Application of lattice Boltzmann method to solution of viscous incompressible fluid dynamics problems
Nikita A. Brykov, Konstantin N. Volkov, Vladislav N. Emelyanov, Tolstoguzov Semen S.
The possibilities of simulation of viscous incompressible fluid flows with lattice Boltzmann method are considered. Unlike the traditional discretization approach based on the use of Navier–Stokes equations, the lattice Boltzmann method uses a mesoscopic model to simulate incompressible fluid flows. Macroscopic parameters of a fluid, such as density and velocity, are expressed through the moments of the discrete probability distribution function. Discretization of the lattice Boltzmann equation is carried out using schemes D2Q9 (two-dimensional case) and D3Q19 (three-dimensional case). To simulate collisions between pseudo-particles, the Bhatnagar–Gross–Crooke approximation with one relaxation time is used.
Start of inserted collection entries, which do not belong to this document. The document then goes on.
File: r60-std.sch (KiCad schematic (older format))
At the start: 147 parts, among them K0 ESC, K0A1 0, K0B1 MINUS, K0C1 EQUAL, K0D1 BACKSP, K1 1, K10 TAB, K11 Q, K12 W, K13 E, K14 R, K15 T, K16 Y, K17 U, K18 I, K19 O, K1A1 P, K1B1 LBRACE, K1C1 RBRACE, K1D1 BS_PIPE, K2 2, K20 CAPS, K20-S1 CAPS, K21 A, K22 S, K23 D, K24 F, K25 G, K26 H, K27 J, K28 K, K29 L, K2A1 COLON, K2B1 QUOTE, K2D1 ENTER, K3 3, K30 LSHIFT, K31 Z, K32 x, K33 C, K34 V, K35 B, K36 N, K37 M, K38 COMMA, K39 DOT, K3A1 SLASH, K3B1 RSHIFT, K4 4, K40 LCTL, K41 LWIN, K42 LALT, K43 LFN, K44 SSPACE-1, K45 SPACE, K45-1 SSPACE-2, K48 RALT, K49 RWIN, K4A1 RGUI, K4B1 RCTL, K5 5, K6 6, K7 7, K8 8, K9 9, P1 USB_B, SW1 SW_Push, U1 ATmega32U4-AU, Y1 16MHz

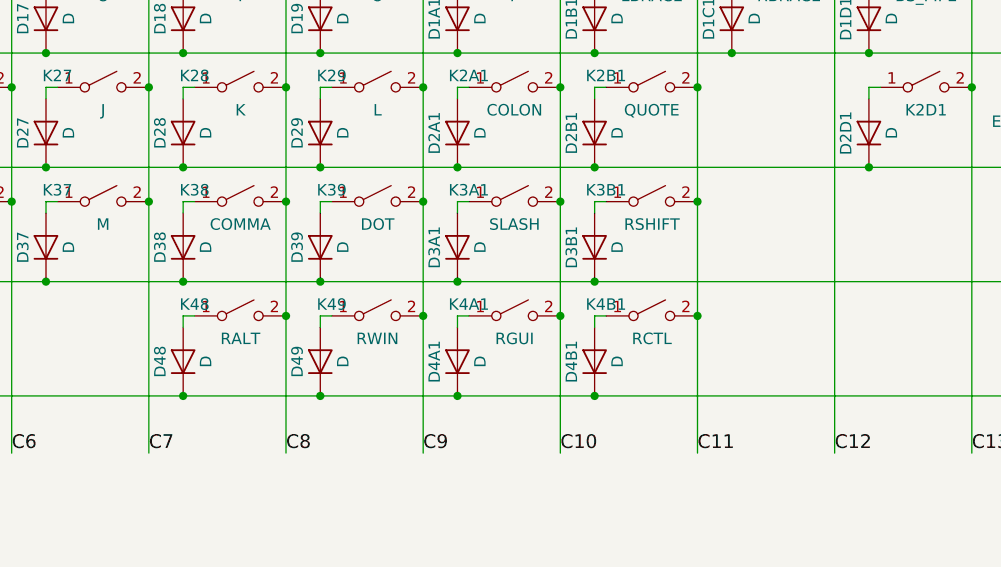
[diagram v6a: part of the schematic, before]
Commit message: add option for split right shift
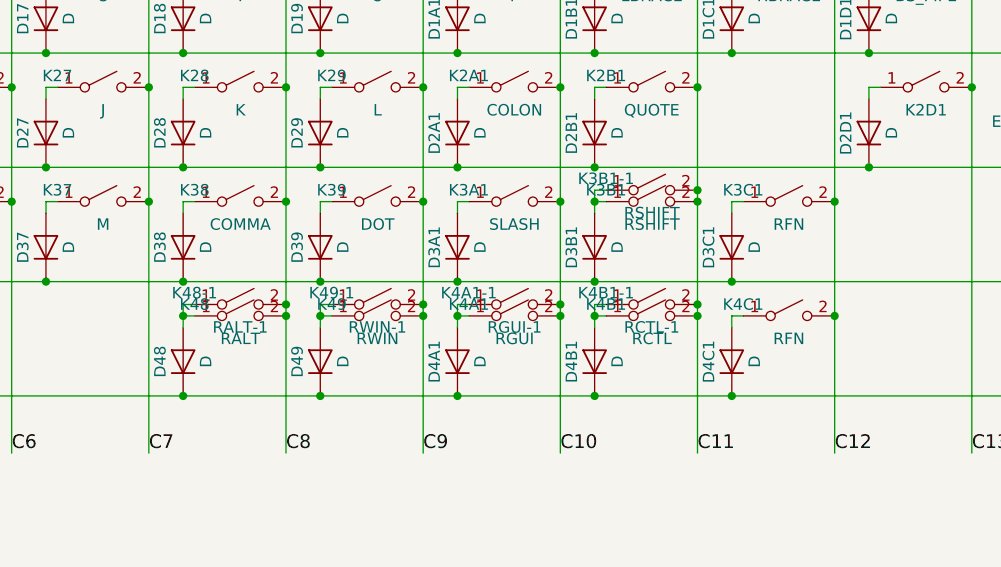
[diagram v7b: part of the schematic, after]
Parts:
- added D3C1, D4C1: D, Keyboard:D_0805, symbol D
- added K3B1-1: RSHIFT, Keyboard:CHERRY_PCB_175H, symbol SW_SPST
- added K3C1, K4C1: RFN, Keyboard:CHERRY_PCB_100H, symbol SW_SPST
- added K48-1: RALT-1, Keyboard:CHERRY_PCB_100H, symbol SW_SPST
- added K49-1: RWIN-1, Keyboard:CHERRY_PCB_100H, symbol SW_SPST
- added K4A1-1: RGUI-1, Keyboard:CHERRY_PCB_100H, symbol SW_SPST
- added K4B1-1: RCTL-1, Keyboard:CHERRY_PCB_100H, symbol SW_SPST
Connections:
- wire segments 230 -> 239
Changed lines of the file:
@@
 	7650 2450 7600 2450
 Wire Wire Line
-	7600 2450 7600 2500
+	7600 2400 7600 2500
 Wire Wire Line
 	1050 2950 1000 2950
@@
 	5850 2950 5800 2950
 Wire Wire Line
-	5800 2950 5800 3000
+	5800 2900 5800 3000
 Wire Wire Line
 	6450 2950 6400 2950
 Wire Wire Line
-	6400 2950 6400 3000
+	6400 2900 6400 3000
 Wire Wire Line
 	7050 2950 7000 2950
 Wire Wire Line
-	7000 2950 7000 3000
+	7000 2900 7000 3000
 Wire Wire Line
 	7650 2950 7600 2950
 Wire Wire Line
-	7600 2950 7600 3000
+	7600 2900 7600 3000
 Wire Wire Line
 	9250 950  9250 3550
@@
 	1    0    0    -1
 $EndComp
+$Comp
+L SW_SPST K48-1
+U 1 1 5AF14BF5
+P 6050 2900
+F 0 "K48-1" H 5850 2950 50  0000 C CNN
+F 1 "RALT-1" H 6050 2800 50  0000 C CNN
+F 2 "Keyboard:CHERRY_PCB_100H" H 6050 2900 50  0001 C CNN
+F 3 "" H 6050 2900 50  0000 C CNN
+	1    6050 2900
+	1    0    0    -1
+$EndComp
+$Comp
+L SW_SPST K49-1
+U 1 1 5AF14DBF
+P 6650 2900
+F 0 "K49-1" H 6450 2950 50  0000 C CNN
+F 1 "RWIN-1" H 6650 2800 50  0000 C CNN
+F 2 "Keyboard:CHERRY_PCB_100H" H 6650 2900 50  0001 C CNN
+F 3 "" H 6650 2900 50  0000 C CNN
+	1    6650 2900
+	1    0    0    -1
+$EndComp
+$Comp
+L SW_SPST K4A1-1
+U 1 1 5AF14F90
+P 7250 2900
+F 0 "K4A1-1" H 7050 2950 50  0000 C CNN
+F 1 "RGUI-1" H 7250 2800 50  0000 C CNN
+F 2 "Keyboard:CHERRY_PCB_100H" H 7250 2900 50  0001 C CNN
+F 3 "" H 7250 2900 50  0000 C CNN
+	1    7250 2900
+	1    0    0    -1
+$EndComp
+$Comp
+L SW_SPST K4B1-1
+U 1 1 5AF15164
+P 7850 2900
+F 0 "K4B1-1" H 7650 2950 50  0000 C CNN
+F 1 "RCTL-1" H 7850 2800 50  0000 C CNN
+F 2 "Keyboard:CHERRY_PCB_100H" H 7850 2900 50  0001 C CNN
+F 3 "" H 7850 2900 50  0000 C CNN
+	1    7850 2900
+	1    0    0    -1
+$EndComp
+Connection ~ 6250 2900
+Wire Wire Line
+	5850 2900 5800 2900
+Connection ~ 5800 2950
+Wire Wire Line
+	6450 2900 6400 2900
+Connection ~ 6400 2950
+Connection ~ 6850 2900
+Wire Wire Line
+	7050 2900 7000 2900
+Connection ~ 7000 2950
+Connection ~ 7450 2900
+Wire Wire Line
+	7650 2900 7600 2900
+Connection ~ 7600 2950
+Connection ~ 8050 2900
+$Comp
+L D D4C1
+U 1 1 5AF2213F
+P 8200 3150
+F 0 "D4C1" H 8200 3250 50  0000 C CNN
+F 1 "D" H 8200 3050 50  0000 C CNN
+F 2 "Keyboard:D_0805" H 8200 3150 50  0001 C CNN
+F 3 "" H 8200 3150 50  0000 C CNN
+	1    8200 3150
+	0    -1   -1   0
+$EndComp
+$Comp
+L SW_SPST K4C1
+U 1 1 5AF2259B
+P 8450 2950
+F 0 "K4C1" H 8250 3000 50  0000 C CNN
+F 1 "RFN" H 8450 2850 50  0000 C CNN
+F 2 "Keyboard:CHERRY_PCB_100H" H 8450 2950 50  0001 C CNN
+F 3 "" H 8450 2950 50  0000 C CNN
+	1    8450 2950
+	1    0    0    -1
+$EndComp
+Wire Wire Line
+	8250 2950 8200 2950
+Wire Wire Line
+	8200 2950 8200 3000
+Connection ~ 8650 2950
+Connection ~ 8200 3300
+$Comp
+L SW_SPST K3C1
+U 1 1 5AF3B594
+P 8450 2450
+F 0 "K3C1" H 8250 2500 50  0000 C CNN
+F 1 "RFN" H 8450 2350 50  0000 C CNN
+F 2 "Keyboard:CHERRY_PCB_100H" H 8450 2450 50  0001 C CNN
+F 3 "" H 8450 2450 50  0000 C CNN
+	1    8450 2450
+	1    0    0    -1
+$EndComp
+$Comp
+L D D3C1
+U 1 1 5AF3FE8F
+P 8200 2650
+F 0 "D3C1" H 8200 2750 50  0000 C CNN
+F 1 "D" H 8200 2550 50  0000 C CNN
+F 2 "Keyboard:D_0805" H 8200 2650 50  0001 C CNN
+F 3 "" H 8200 2650 50  0000 C CNN
+	1    8200 2650
+	0    -1   -1   0
+$EndComp
+Wire Wire Line
+	8250 2450 8200 2450
+Wire Wire Line
+	8200 2450 8200 2500
+Connection ~ 8650 2450
+Connection ~ 8200 2800
+$Comp
+L SW_SPST K3B1-1
+U 1 1 5AF4529F
+P 7850 2400
+F 0 "K3B1-1" H 7650 2450 50  0000 C CNN
+F 1 "RSHIFT" H 7850 2300 50  0000 C CNN
+F 2 "Keyboard:CHERRY_PCB_175H" H 7850 2400 50  0001 C CNN
+F 3 "" H 7850 2400 50  0000 C CNN
+	1    7850 2400
+	1    0    0    -1
+$EndComp
+Wire Wire Line
+	7650 2400 7600 2400
+Connection ~ 7600 2450
+Connection ~ 8050 2400
 $EndSCHEMATC

The specification of initial and boundary conditions (no penetration and no-slip conditions, outflow conditions, periodic conditions) is discussed. The patterns of formation and development of vortical flows in a square cavity and cubic cavities are computed. The results of calculations of flow characteristics in a square and cubic cavity at various Reynolds numbers are compared with data available in the literature and obtained based on the finite difference method and the finite volume method. The dependence of the numerical solution and location of critical points on faces of cubic cavity on the lattice size is studied. Computational time is compared with performance of fine difference and finite volume methods. The developed implementation of the lattice Boltzmann method is of interest for the transition to further modeling non-isothermal and high-speed compressible flows.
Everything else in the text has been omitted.